Try it:
Copy exactly, from the beginning of the material below, every line up to and including the one holding "blk = doc.blocks.new('T300')", with the pictures left out.

^^^^^^^^

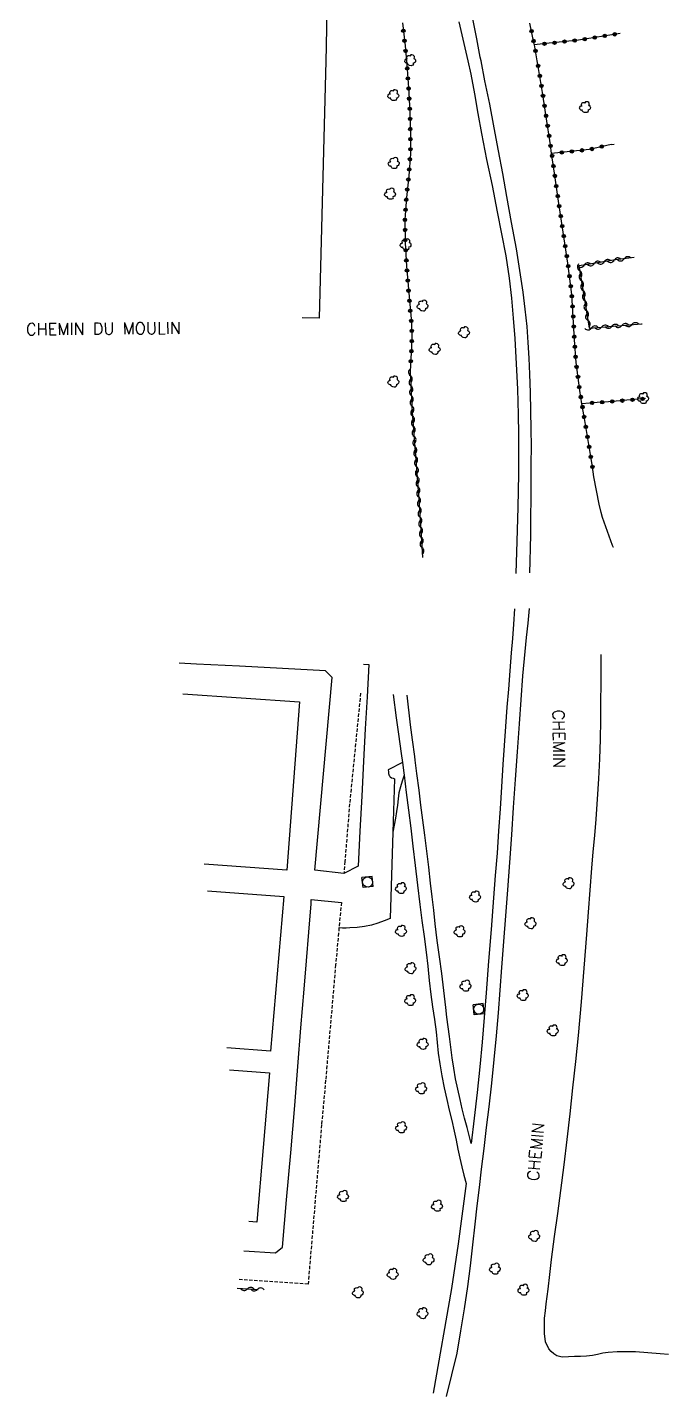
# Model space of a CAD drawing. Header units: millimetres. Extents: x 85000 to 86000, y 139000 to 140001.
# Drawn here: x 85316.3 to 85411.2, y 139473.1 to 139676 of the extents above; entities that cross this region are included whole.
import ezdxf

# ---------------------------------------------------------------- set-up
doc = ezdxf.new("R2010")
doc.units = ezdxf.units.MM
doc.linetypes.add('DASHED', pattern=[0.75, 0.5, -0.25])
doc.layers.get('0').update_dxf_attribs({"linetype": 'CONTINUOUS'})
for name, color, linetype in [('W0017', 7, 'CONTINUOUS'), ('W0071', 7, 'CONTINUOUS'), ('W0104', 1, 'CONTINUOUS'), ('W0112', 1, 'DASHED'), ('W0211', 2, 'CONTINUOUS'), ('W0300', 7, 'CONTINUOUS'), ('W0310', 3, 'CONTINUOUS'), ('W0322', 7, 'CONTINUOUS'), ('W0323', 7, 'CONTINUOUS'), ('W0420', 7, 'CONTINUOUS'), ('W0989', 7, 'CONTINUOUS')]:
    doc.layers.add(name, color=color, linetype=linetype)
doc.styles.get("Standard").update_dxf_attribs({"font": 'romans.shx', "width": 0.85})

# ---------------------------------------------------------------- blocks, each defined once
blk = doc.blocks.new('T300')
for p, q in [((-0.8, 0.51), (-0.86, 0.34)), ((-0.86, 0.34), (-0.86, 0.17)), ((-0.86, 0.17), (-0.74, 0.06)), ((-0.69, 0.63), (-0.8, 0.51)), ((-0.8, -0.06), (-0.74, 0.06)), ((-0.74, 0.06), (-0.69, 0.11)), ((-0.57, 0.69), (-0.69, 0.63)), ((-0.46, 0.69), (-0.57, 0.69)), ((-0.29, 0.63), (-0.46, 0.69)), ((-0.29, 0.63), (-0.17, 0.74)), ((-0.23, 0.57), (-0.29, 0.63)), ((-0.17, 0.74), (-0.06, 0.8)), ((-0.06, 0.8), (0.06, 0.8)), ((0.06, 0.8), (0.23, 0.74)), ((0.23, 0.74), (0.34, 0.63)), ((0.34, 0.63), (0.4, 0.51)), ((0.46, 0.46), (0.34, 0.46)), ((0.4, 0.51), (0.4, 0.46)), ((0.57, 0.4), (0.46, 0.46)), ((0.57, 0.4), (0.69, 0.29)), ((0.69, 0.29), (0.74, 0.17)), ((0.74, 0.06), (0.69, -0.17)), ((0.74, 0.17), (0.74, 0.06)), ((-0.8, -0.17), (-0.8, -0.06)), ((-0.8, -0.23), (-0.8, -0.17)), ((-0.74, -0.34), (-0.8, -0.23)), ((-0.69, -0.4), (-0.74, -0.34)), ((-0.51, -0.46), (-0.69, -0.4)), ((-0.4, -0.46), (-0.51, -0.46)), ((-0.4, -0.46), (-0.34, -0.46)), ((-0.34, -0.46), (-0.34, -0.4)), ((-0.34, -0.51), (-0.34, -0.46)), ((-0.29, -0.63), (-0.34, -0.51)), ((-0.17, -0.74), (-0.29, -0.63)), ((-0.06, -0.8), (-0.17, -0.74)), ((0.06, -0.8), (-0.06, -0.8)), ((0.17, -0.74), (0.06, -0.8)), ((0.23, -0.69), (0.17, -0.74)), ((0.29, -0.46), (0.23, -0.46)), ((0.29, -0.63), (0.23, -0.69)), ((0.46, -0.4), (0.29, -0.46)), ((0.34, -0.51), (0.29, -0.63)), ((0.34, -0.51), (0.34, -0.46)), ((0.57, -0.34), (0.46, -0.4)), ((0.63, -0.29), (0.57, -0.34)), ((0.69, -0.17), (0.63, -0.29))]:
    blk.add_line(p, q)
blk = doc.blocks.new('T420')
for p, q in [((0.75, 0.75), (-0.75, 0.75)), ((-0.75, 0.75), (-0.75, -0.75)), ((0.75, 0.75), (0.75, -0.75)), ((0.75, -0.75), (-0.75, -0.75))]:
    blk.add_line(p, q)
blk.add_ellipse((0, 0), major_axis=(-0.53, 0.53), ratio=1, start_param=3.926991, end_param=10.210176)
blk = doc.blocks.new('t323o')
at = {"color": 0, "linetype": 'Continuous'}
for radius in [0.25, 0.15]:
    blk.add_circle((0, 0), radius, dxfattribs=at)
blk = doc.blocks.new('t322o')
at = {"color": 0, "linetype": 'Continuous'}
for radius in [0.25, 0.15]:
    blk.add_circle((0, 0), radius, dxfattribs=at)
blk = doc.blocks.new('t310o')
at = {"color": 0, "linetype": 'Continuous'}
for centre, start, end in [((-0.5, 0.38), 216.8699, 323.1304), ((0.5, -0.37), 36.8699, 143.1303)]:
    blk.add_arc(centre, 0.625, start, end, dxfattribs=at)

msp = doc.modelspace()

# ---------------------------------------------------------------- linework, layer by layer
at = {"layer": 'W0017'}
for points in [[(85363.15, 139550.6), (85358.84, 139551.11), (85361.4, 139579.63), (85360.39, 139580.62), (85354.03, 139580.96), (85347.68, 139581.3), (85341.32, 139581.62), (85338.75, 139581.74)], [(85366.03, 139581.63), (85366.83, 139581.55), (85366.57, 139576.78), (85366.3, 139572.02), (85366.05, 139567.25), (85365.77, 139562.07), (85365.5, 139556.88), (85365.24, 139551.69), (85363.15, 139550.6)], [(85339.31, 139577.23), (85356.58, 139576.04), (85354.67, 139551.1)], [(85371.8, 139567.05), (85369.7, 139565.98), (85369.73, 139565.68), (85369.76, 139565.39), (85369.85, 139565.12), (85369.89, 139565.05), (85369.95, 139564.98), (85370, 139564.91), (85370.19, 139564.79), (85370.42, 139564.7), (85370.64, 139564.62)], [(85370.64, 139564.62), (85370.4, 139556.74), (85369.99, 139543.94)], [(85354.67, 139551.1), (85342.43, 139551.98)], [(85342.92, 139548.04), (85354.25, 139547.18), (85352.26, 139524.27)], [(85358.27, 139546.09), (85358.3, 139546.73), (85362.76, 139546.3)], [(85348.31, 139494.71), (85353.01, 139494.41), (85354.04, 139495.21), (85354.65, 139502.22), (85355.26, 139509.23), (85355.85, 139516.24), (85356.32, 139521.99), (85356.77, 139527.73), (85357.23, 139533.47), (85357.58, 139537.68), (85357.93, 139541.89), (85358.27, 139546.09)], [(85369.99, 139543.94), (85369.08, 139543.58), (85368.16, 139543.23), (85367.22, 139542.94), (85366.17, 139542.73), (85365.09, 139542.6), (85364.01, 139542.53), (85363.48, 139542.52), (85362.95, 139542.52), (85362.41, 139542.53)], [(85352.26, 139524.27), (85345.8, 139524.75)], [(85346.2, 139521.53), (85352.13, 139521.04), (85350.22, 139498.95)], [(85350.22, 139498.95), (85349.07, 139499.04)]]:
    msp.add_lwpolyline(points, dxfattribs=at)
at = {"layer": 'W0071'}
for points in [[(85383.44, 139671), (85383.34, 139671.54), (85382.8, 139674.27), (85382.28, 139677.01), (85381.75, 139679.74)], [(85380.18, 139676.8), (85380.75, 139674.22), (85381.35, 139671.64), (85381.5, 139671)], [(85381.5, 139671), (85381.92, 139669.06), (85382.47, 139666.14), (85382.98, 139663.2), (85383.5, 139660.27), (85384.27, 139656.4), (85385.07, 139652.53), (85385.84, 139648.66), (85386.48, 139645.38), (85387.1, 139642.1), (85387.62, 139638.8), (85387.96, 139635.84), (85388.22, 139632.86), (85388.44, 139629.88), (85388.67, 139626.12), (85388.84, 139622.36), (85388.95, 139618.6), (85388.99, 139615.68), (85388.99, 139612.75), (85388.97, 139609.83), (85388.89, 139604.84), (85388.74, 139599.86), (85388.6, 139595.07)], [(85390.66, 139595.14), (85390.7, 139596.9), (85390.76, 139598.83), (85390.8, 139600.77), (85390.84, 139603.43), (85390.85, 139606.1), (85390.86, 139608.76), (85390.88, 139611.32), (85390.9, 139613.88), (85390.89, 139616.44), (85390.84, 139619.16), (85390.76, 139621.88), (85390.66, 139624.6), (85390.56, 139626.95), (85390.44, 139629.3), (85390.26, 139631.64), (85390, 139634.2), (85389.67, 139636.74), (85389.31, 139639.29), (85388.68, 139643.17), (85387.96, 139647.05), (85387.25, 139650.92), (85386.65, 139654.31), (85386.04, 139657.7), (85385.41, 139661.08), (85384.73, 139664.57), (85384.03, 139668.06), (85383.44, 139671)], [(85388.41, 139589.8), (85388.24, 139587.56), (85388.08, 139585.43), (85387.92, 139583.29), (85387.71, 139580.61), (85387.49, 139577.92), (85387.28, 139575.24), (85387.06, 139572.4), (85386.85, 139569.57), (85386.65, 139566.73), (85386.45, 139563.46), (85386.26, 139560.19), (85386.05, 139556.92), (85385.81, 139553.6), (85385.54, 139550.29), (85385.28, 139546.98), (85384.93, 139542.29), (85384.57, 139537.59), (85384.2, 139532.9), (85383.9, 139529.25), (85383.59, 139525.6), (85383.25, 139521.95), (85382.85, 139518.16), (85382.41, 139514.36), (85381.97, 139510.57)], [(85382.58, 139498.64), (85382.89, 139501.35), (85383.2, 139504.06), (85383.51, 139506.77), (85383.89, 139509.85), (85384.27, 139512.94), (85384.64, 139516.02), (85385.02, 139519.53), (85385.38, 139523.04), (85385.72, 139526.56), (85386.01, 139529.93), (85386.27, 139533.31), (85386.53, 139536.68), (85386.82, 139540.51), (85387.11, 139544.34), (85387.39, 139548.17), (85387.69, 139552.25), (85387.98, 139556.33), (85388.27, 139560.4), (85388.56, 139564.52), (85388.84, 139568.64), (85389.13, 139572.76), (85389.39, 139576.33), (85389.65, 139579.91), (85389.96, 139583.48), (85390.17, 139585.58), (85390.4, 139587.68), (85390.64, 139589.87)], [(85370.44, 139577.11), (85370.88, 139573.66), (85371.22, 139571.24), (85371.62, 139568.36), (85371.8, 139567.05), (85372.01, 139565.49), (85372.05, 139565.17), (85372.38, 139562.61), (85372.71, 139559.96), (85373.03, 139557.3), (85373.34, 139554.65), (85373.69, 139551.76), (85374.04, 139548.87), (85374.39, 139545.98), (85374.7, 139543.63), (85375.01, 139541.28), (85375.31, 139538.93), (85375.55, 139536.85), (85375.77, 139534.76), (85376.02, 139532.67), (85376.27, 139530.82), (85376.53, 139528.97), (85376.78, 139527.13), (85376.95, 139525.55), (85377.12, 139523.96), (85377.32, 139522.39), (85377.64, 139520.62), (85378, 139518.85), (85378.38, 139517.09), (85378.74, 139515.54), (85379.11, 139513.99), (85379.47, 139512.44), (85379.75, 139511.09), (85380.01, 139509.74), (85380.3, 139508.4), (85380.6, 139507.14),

^^^^^^^^

Response box:
# Model space of a CAD drawing. Header units: millimetres. Extents: x 85000 to 86000, y 139000 to 140001.
# Drawn here: x 85316.3 to 85411.2, y 139473.1 to 139676 of the extents above; entities that cross this region are included whole.
import ezdxf

# ---------------------------------------------------------------- set-up
doc = ezdxf.new("R2010")
doc.units = ezdxf.units.MM
doc.linetypes.add('DASHED', pattern=[0.75, 0.5, -0.25])
doc.layers.get('0').update_dxf_attribs({"linetype": 'CONTINUOUS'})
for name, color, linetype in [('W0017', 7, 'CONTINUOUS'), ('W0071', 7, 'CONTINUOUS'), ('W0104', 1, 'CONTINUOUS'), ('W0112', 1, 'DASHED'), ('W0211', 2, 'CONTINUOUS'), ('W0300', 7, 'CONTINUOUS'), ('W0310', 3, 'CONTINUOUS'), ('W0322', 7, 'CONTINUOUS'), ('W0323', 7, 'CONTINUOUS'), ('W0420', 7, 'CONTINUOUS'), ('W0989', 7, 'CONTINUOUS')]:
    doc.layers.add(name, color=color, linetype=linetype)
doc.styles.get("Standard").update_dxf_attribs({"font": 'romans.shx', "width": 0.85})

# ---------------------------------------------------------------- blocks, each defined once
blk = doc.blocks.new('T300')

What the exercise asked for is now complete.